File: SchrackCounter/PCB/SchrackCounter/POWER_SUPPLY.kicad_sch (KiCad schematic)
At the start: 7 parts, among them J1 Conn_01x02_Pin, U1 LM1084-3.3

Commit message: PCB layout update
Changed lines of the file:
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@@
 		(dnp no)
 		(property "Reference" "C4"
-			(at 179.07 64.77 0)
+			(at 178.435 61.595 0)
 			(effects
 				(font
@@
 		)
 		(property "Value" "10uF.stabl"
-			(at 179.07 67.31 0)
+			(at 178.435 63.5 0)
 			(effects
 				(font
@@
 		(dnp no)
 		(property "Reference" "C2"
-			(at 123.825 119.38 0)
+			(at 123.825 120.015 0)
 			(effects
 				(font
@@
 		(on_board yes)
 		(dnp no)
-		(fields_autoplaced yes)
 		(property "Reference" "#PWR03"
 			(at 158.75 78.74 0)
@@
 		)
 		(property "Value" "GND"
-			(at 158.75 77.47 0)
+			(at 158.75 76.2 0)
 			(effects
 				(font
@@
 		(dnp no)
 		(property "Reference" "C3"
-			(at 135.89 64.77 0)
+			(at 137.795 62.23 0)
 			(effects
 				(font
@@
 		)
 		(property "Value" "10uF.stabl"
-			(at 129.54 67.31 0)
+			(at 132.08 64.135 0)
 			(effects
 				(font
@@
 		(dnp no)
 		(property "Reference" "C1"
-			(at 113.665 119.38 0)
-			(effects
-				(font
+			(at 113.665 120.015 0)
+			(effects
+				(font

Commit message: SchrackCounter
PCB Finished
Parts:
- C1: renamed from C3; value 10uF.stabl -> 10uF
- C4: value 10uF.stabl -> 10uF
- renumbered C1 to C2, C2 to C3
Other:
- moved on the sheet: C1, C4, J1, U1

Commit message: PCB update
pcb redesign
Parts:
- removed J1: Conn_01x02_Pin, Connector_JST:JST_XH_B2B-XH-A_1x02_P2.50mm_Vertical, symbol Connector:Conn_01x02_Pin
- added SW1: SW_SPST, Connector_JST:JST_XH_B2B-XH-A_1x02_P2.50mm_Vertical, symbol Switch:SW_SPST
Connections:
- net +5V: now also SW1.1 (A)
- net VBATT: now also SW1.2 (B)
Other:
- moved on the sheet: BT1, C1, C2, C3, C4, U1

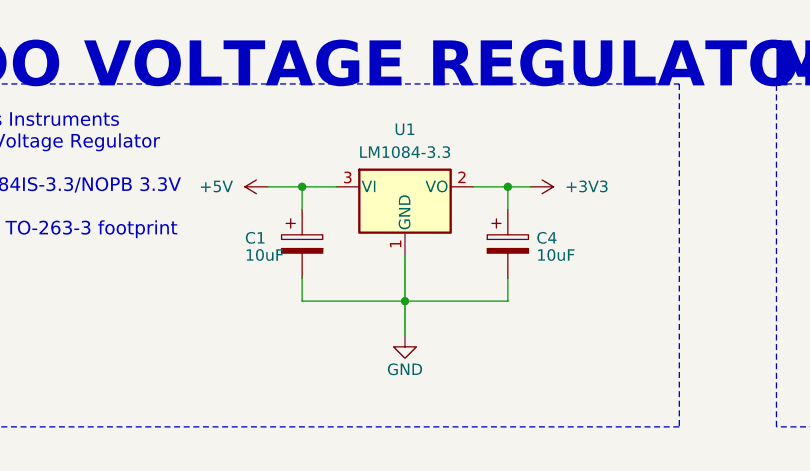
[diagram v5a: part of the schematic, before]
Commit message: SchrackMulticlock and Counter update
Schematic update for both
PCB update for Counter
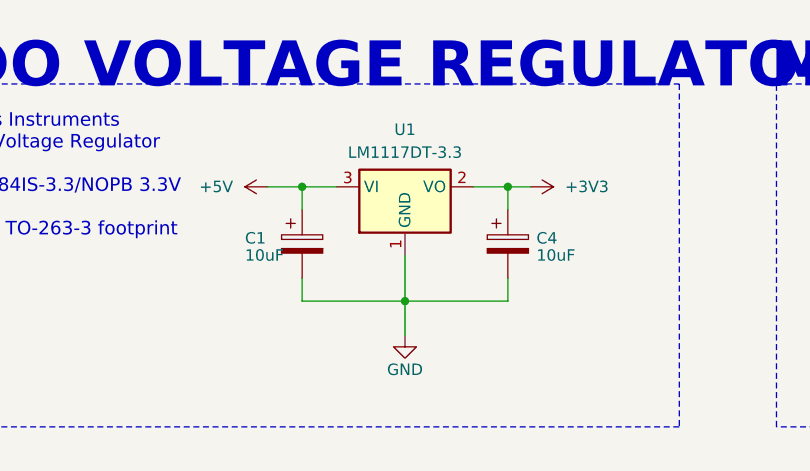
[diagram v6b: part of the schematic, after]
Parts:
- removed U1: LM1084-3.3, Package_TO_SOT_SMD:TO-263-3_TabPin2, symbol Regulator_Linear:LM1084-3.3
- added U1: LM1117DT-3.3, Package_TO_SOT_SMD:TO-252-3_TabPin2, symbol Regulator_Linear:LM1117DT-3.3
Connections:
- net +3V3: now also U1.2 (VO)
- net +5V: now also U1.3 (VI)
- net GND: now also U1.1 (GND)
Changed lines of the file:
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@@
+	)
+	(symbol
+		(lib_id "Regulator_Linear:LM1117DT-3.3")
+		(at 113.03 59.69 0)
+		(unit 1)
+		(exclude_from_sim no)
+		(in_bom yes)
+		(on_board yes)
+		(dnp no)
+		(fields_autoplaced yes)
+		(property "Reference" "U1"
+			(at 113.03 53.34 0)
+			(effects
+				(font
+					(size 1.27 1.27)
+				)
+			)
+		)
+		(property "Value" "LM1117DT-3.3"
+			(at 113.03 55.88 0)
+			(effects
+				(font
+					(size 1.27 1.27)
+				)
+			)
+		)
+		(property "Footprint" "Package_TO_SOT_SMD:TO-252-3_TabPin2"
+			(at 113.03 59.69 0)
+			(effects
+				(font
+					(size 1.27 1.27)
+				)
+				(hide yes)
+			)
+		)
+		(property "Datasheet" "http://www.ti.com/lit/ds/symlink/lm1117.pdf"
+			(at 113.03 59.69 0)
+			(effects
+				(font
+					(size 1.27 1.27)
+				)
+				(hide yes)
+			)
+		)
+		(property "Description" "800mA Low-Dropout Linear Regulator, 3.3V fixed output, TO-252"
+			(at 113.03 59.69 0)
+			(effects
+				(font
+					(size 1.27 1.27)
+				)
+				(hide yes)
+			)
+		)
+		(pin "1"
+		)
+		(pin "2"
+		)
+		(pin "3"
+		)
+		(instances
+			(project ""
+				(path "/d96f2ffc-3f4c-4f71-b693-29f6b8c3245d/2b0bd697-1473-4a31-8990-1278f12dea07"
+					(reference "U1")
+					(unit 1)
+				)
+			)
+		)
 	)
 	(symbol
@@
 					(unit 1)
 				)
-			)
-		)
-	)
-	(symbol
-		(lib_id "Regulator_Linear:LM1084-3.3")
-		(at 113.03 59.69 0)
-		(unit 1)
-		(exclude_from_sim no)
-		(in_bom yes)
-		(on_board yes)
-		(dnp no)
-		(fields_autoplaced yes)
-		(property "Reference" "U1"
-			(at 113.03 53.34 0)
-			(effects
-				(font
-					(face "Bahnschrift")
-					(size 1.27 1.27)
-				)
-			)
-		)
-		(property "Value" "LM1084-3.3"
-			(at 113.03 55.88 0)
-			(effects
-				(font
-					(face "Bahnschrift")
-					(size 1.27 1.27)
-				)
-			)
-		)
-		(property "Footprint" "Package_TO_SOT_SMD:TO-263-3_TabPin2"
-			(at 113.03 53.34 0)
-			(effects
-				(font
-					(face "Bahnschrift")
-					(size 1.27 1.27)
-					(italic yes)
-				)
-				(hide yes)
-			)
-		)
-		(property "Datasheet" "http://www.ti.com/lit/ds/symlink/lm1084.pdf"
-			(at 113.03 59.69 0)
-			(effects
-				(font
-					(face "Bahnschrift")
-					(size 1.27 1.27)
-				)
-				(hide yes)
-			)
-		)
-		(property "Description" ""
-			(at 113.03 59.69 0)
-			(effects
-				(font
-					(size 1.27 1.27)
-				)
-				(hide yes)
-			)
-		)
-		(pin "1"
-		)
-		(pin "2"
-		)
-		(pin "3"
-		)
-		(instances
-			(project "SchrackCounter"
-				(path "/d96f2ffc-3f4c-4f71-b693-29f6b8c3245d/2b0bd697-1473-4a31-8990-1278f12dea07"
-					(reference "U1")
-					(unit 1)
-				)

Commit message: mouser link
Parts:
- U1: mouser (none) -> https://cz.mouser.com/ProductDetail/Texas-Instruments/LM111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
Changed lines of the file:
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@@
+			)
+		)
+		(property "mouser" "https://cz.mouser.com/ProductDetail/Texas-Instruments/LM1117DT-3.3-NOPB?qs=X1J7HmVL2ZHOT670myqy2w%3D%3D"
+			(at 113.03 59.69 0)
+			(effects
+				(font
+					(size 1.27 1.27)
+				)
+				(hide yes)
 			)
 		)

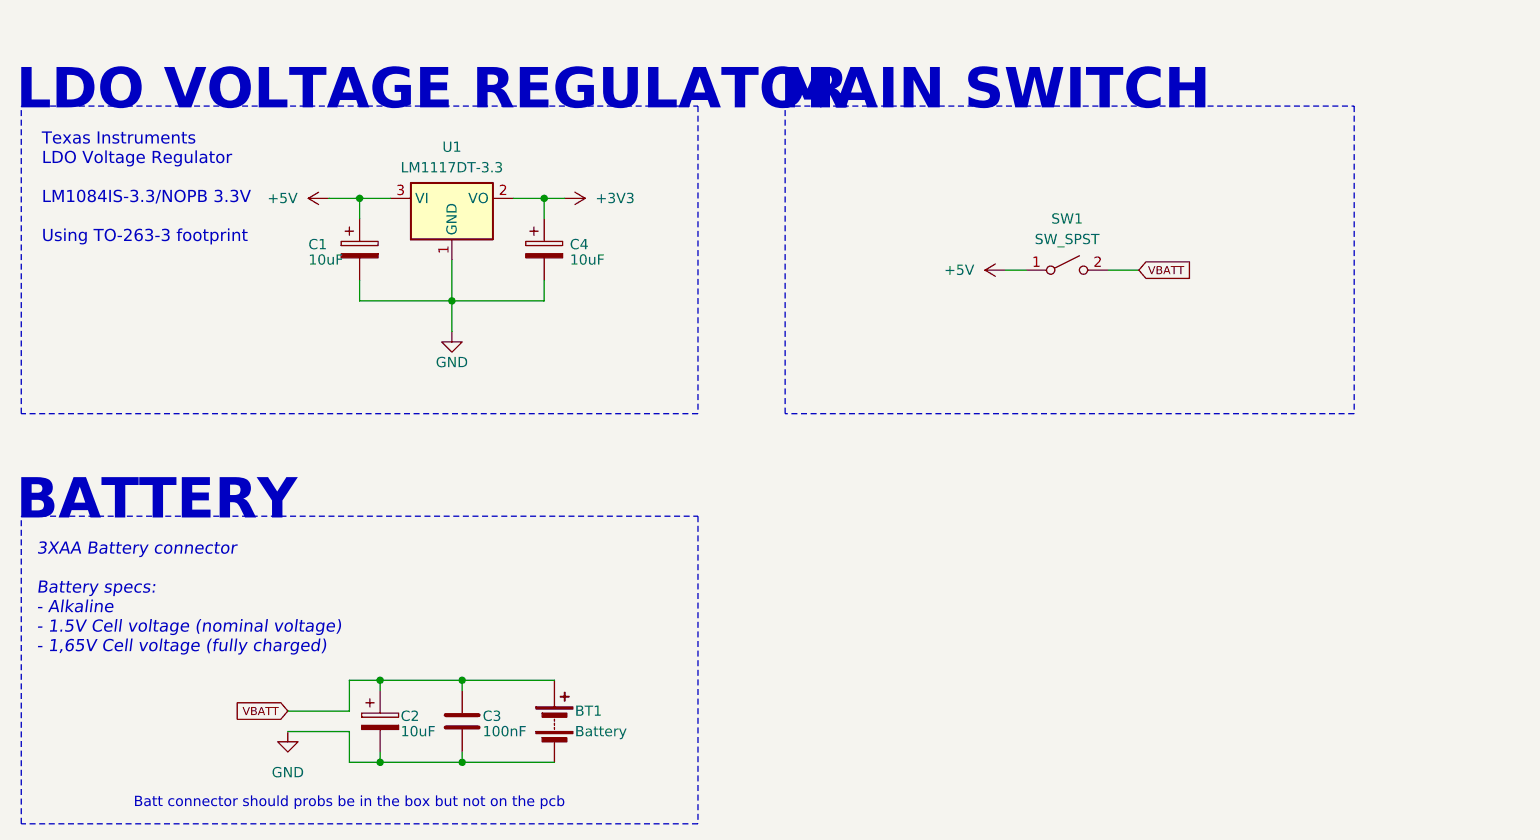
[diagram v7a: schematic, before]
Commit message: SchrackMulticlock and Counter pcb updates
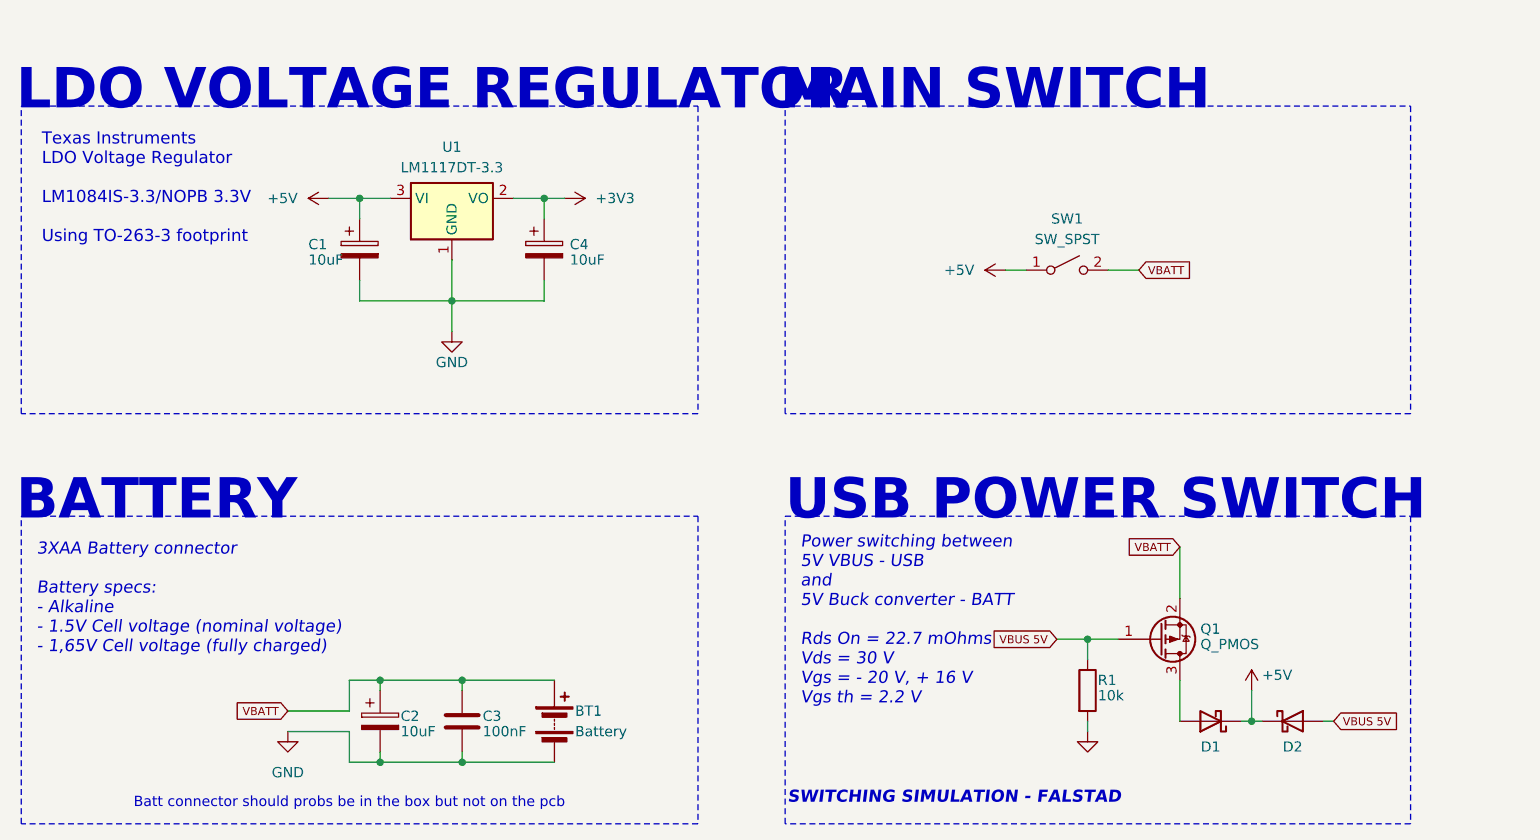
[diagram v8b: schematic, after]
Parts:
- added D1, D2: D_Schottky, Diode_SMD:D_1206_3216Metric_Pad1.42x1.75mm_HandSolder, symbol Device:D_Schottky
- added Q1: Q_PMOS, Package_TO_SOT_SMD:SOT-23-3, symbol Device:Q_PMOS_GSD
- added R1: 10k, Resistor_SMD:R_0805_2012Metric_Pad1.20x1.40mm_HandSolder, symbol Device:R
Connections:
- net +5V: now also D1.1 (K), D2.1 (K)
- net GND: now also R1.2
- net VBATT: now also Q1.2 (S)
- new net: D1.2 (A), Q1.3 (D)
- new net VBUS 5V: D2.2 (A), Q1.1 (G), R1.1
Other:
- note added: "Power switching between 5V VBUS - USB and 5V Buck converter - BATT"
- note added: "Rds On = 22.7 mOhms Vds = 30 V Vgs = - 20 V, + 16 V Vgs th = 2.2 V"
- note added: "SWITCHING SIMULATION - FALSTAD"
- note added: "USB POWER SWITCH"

**Activity:** Only lines of the material that contain the word "after" belong in the answer; copy each one.

**Response:**
[diagram v6b: part of the schematic, after]
[diagram v8b: schematic, after]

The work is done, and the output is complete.